Engineered B cells to produce HIV-blocking antibodies

Elicitation of HIV Broadly Neutralizing Antibodies from Engineered B cells

NIH-funded research Scripps Research Institute, the · NIH-11128369

This work engineers B cells to make powerful HIV-blocking antibodies that could one day help protect people at risk or control HIV infection.

Quick facts

Grant typeR01 grant
Study typeNIH-funded research
Funding institutionScripps Research Institute, the NIH-funded
Lab location1 site (La Jolla, United States)
Project IDNIH-11128369 on NIH RePORTER

What this research studies

Researchers remove B cells, reprogram them in the lab to carry genes for broadly neutralizing HIV antibodies, and return those engineered cells to the host so vaccine boosts can expand them. The team will refine how the cells are engineered and which vaccine steps best encourage durable antibody responses in mice. They will then translate the approach to rhesus macaques and use chimeric HIV/SIV (SHIV) challenges to test whether the responses can prevent infection or keep the virus suppressed. Results will show whether this engineered B cell vaccine approach is promising enough to consider future human testing.

Who could benefit from this research

Good fit: In the future, ideal candidates would likely be people at high risk for HIV exposure or people living with HIV who might enroll in clinical trials of cell-based antibody therapies.
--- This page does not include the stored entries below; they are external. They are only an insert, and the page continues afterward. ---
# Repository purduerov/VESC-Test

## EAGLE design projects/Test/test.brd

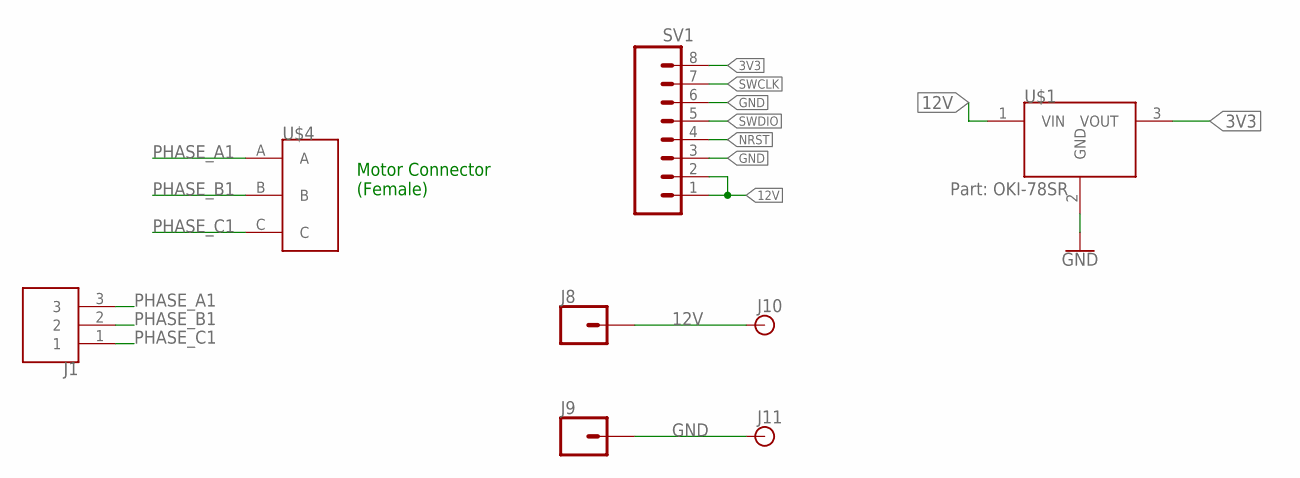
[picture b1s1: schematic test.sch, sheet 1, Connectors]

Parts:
J1: 284512-3
J8, J9: CONN_01; 1X01
J10, J11: BANANA_PTH; BANANA_CONN_NO_THERM
SV1: CONN_08"; 1X08
U$1: MURATA-DC-DC
U$4: 3PINCONNECTOR

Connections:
3V3: SV1.8, U$1.3 (VOUT)
12V: J8.1, J10.1, SV1.1, SV1.2, U$1.1 (VIN); also elsewhere on the board
GND: J9.1, J11.1, SV1.3, SV1.6, U$1.2 (GND); also elsewhere on the board
NRST: SV1.4; also elsewhere on the board
PHASE_A1: J1.3, U$4.A; also elsewhere on the board
PHASE_B1: J1.2, U$4.B; also elsewhere on the board
PHASE_C1: J1.1, U$4.C; also elsewhere on the board
SWCLK: SV1.7; also elsewhere on the board
SWDIO: SV1.5; also elsewhere on the board

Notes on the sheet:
Motor Connector (Female)

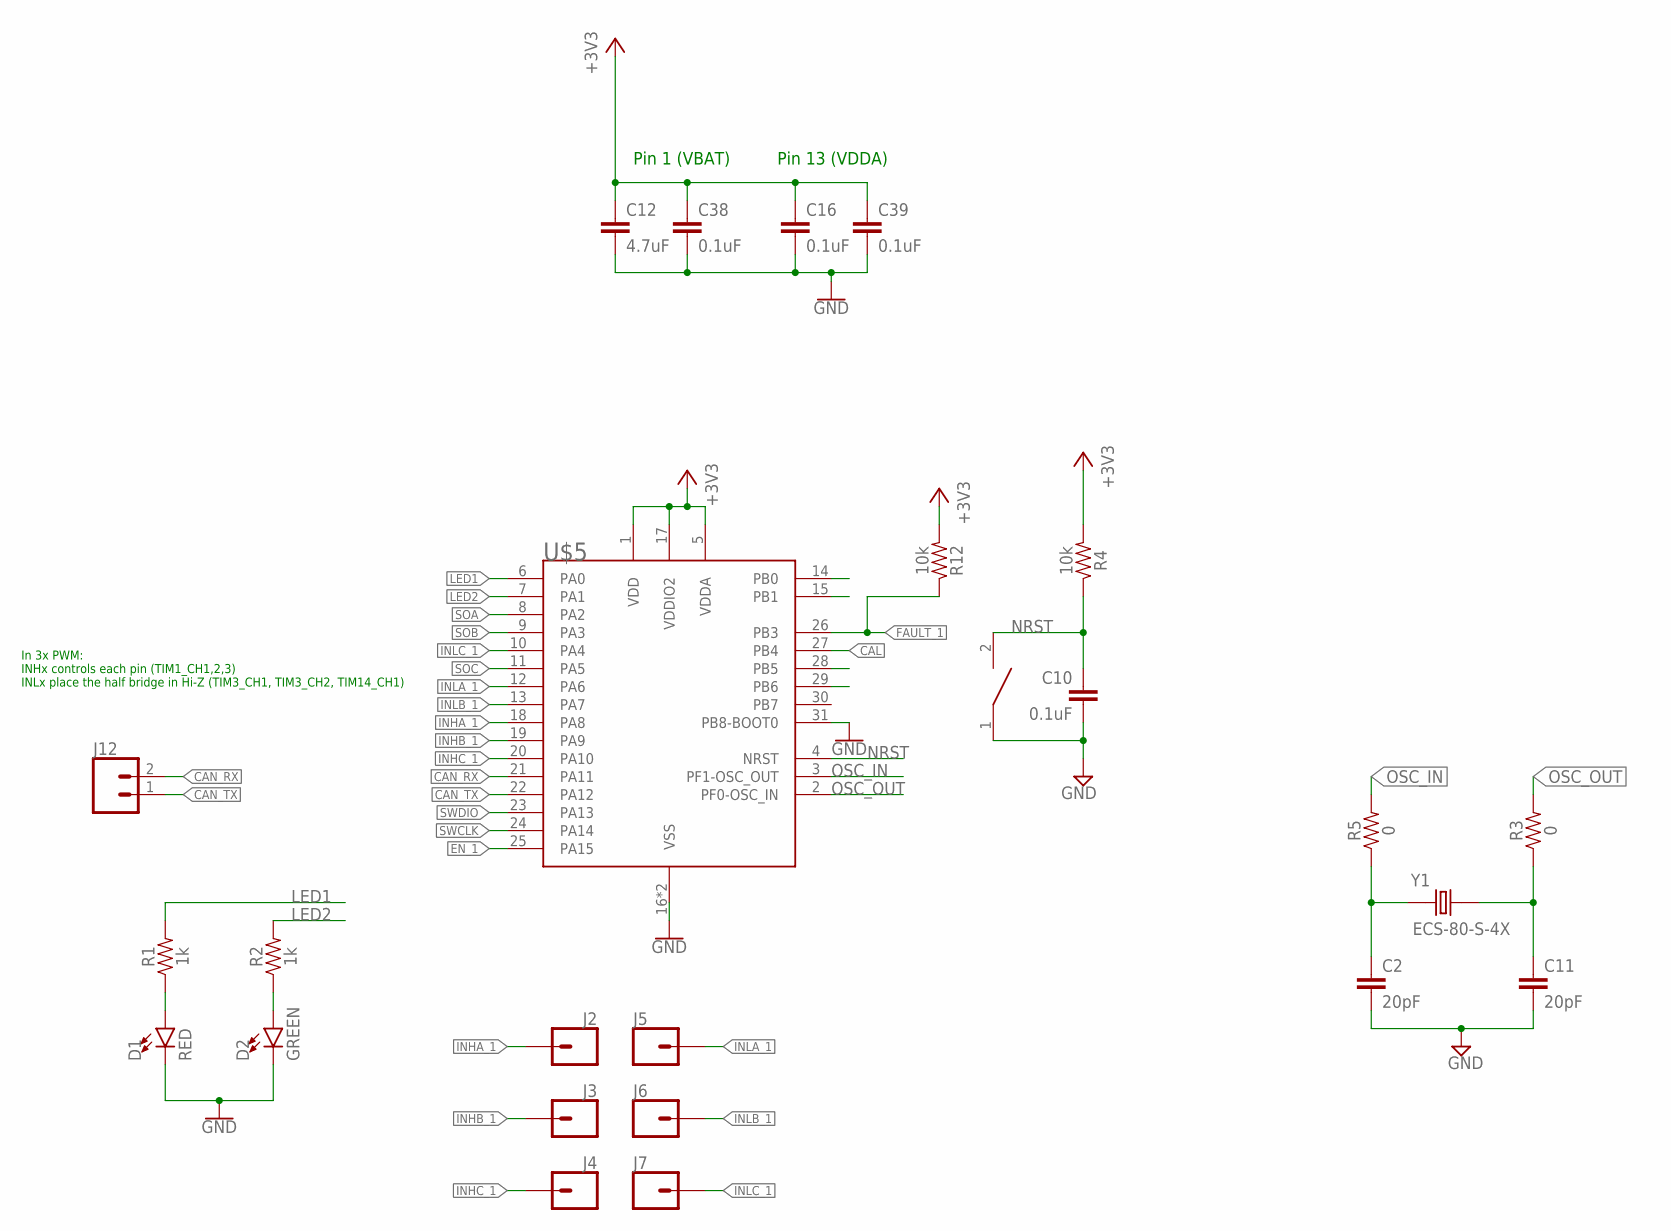
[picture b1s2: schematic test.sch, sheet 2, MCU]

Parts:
C2, C11: 20pF; 0603
C10, C16, C38, C39: 0.1uF; 0603
C12: 4.7uF; 0603
D1: RED; 0805
D2: GREEN; 0805
J2, J3, J4, J5, J6, J7: CONN_01; 1X01
J12: CONN_02; 1X02
R1, R2: 1k; 0603
R3, R5: 0; 0603
R4, R12: 10k; 0603
RESET1: DISCRETECOMPONENTS_SWITCH; DISCRETECOMPONENTS_SW_2512
U$5: STM32F042K6T6; LQFP32
Y1: ECS-80-S-4X; XTAL_ECS-80-S-4X

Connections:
+3V3: C12.1, C16.1, C38.1, C39.1, R4.2, R12.2, U$5.1 (VDD), U$5.5 (VDDA), U$5.17 (VDDIO2); also elsewhere on the board
CAL: U$5.27 (PB4); also elsewhere on the board
CAN_RX: J12.2, U$5.21 (PA11)
CAN_TX: J12.1, U$5.22 (PA12)
EN_1: U$5.25 (PA15); also elsewhere on the board
FAULT_1: R12.1, U$5.26 (PB3); also elsewhere on the board
GND: C2.2, C10.2, C11.2, C12.2, C16.2, C38.2, C39.2, D1.C, D2.C, RESET1.1, U$5.16 (VSS), U$5.31 (PB8-BOOT0), U$5.32 (VSS); also elsewhere on the board
INHA_1: J2.1, U$5.18 (PA8); also elsewhere on the board
INHB_1: J3.1, U$5.19 (PA9); also elsewhere on the board
INHC_1: J4.1, U$5.20 (PA10); also elsewhere on the board
INLA_1: J5.1, U$5.12 (PA6); also elsewhere on the board
INLB_1: J6.1, U$5.13 (PA7); also elsewhere on the board
INLC_1: J7.1, U$5.10 (PA4); also elsewhere on the board
LED1: R1.2, U$5.6 (PA0)
LED1_MID: D1.A, R1.1
LED2: R2.2, U$5.7 (PA1)
LED2_MID: D2.A, R2.1
NRST: C10.1, R4.1, RESET1.2, U$5.4 (NRST); also elsewhere on the board
OSC_IN: R5.2, U$5.3 (PF1-OSC_OUT)
OSC_OUT: R3.2, U$5.2 (PF0-OSC_IN)
OSC_XTAL_1: C2.1, R5.1, Y1.1
OSC_XTAL_2: C11.1, R3.1, Y1.2
SOA: U$5.8 (PA2); also elsewhere on the board
SOB: U$5.9 (PA3); also elsewhere on the board
SOC: U$5.11 (PA5); also elsewhere on the board
SWCLK: U$5.24 (PA14); also elsewhere on the board
SWDIO: U$5.23 (PA13); also elsewhere on the board

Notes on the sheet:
Pin 1 (VBAT)
Pin 13 (VDDA)
In 3x PWM: INHx controls each pin (TIM1_CH1,2,3) INLx place the half bridge in Hi-Z (TIM3_CH1, TIM3_CH2, TIM14_CH1)

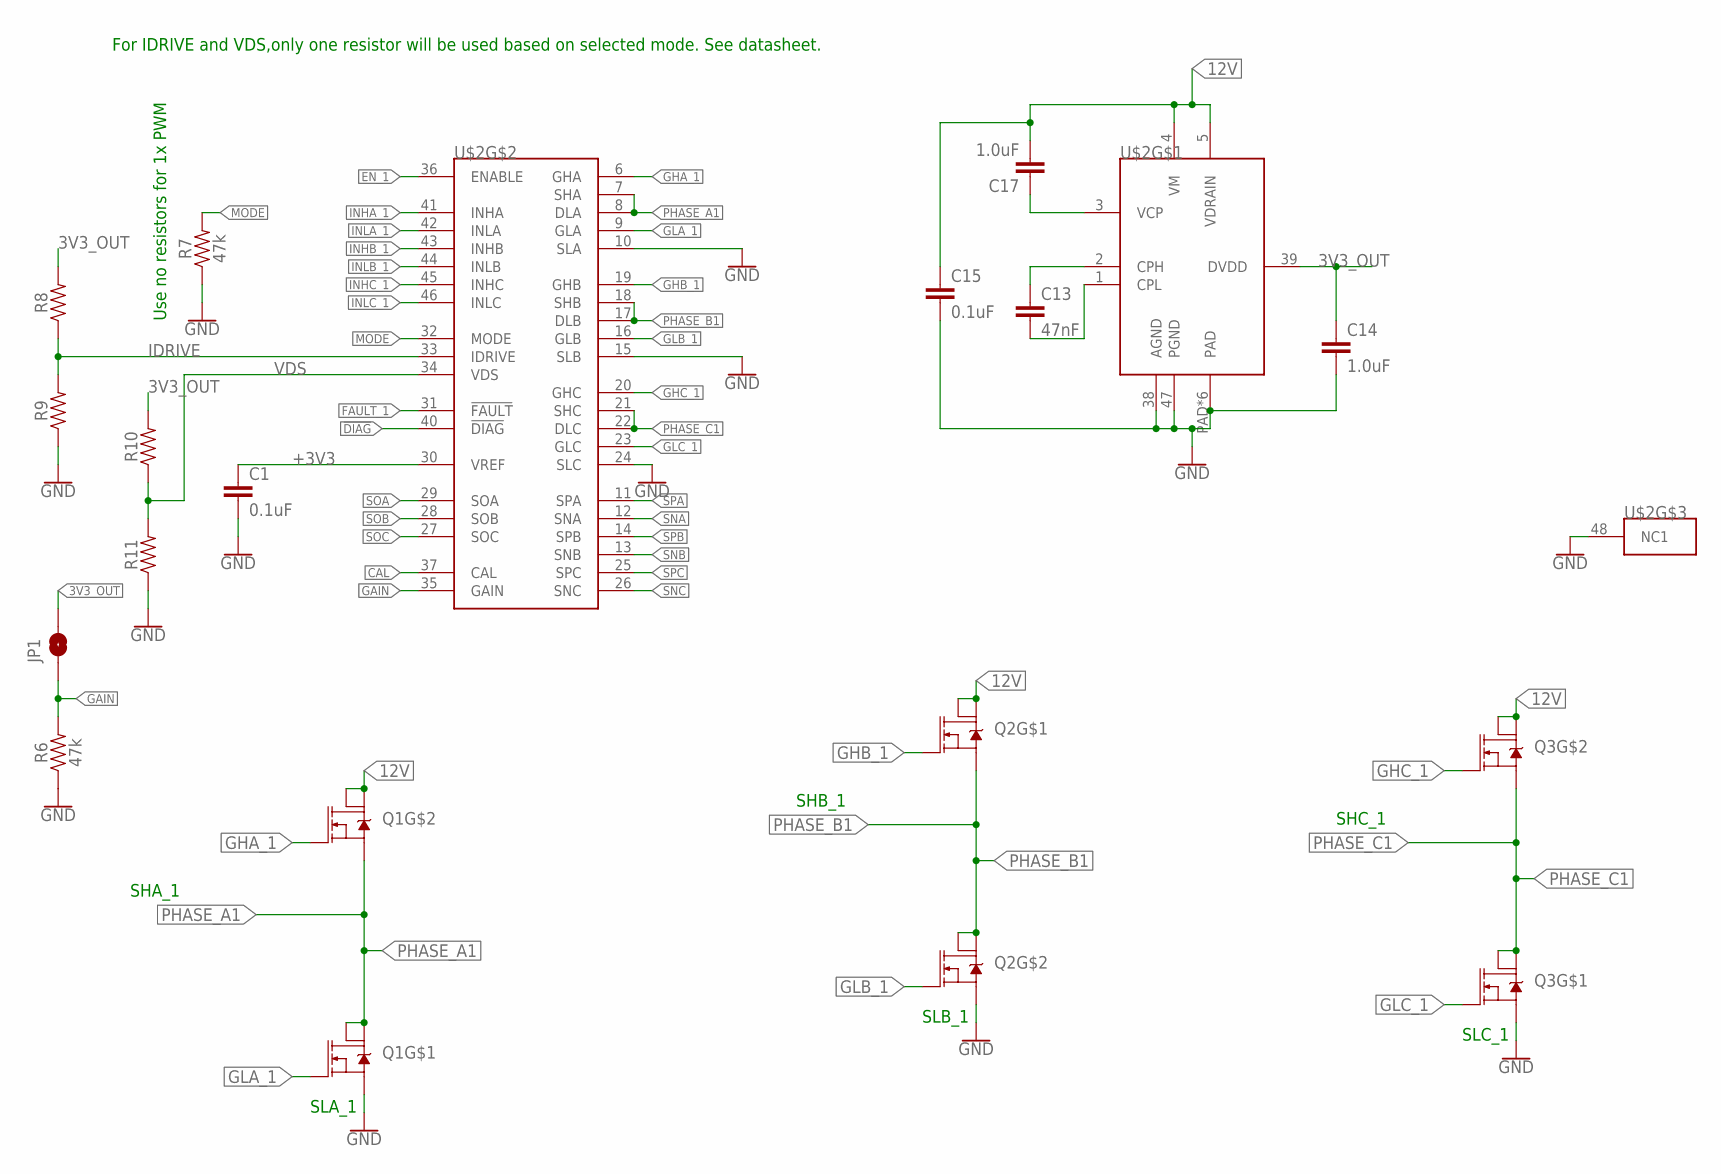
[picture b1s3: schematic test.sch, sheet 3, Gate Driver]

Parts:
C1, C15: 0.1uF; 0603
C13: 47nF; 0603
C14, C17: 1.0uF; 0603
JP1: JUMPER-SMT_2_NO_NO-SILK; SMT-JUMPER_2_NO_NO-SILK
Q1, Q2, Q3: DUAL-NMOS; SO08
R6, R7: 47k; 0603
R8, R9, R10, R11: 0603
U$2: DRV8343H; 48-TQFP-BOTTOM

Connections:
3V3_OUT: C14.1, JP1.2, R8.2, R10.2, U$2.39 (DVDD)
12V: C15.1, C17.2, Q1.5 (D1), Q1.6 (D2), Q2.7 (D1), Q2.8 (D2), Q3.5 (D1), Q3.6 (D2), U$2.4 (VM), U$2.5 (VDRAIN); also elsewhere on the board
!DIAG: U$2.40 (!DIAG)
+3V3: C1.1, U$2.30 (VREF); also elsewhere on the board
CAL: U$2.37 (CAL); also elsewhere on the board
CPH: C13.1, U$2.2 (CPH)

Not a fit: Because this work is preclinical and performed in animals, patients cannot enroll now and will not receive direct medical benefit from this grant's current activities.

Why it matters

Potential benefit: If successful, this approach could lead to a new vaccine-like therapy or functional cure that prevents HIV infection or durably suppresses viral load.

How similar studies have performed: Related work shows that broadly neutralizing antibodies can protect or suppress HIV in animal models and that engineered B cells produced durable antibodies in mice, but translating this to primates and humans is still novel and unproven.

Where this research is happening

La Jolla, United States

Researchers

About this research

  1. This is an active NIH-funded research project — typically early-stage science, not a clinical trial accepting patient enrollment.
  2. Some NIH-funded labs run parallel clinical studies or seek volunteers for related work. To check, contact the principal investigator or institution listed above.
  3. For full project details, budget, and progress reports, visit the official NIH RePORTER page below.
Conditions Acquired Immune Deficiency Syndrome VirusAcquired Immunodeficiency Syndrome Virus
Last reviewed 2026-06-09 by the Find a Trial editorial team. Information on this page is for educational purposes and is not medical advice. Always consult qualified healthcare professionals about clinical trial participation.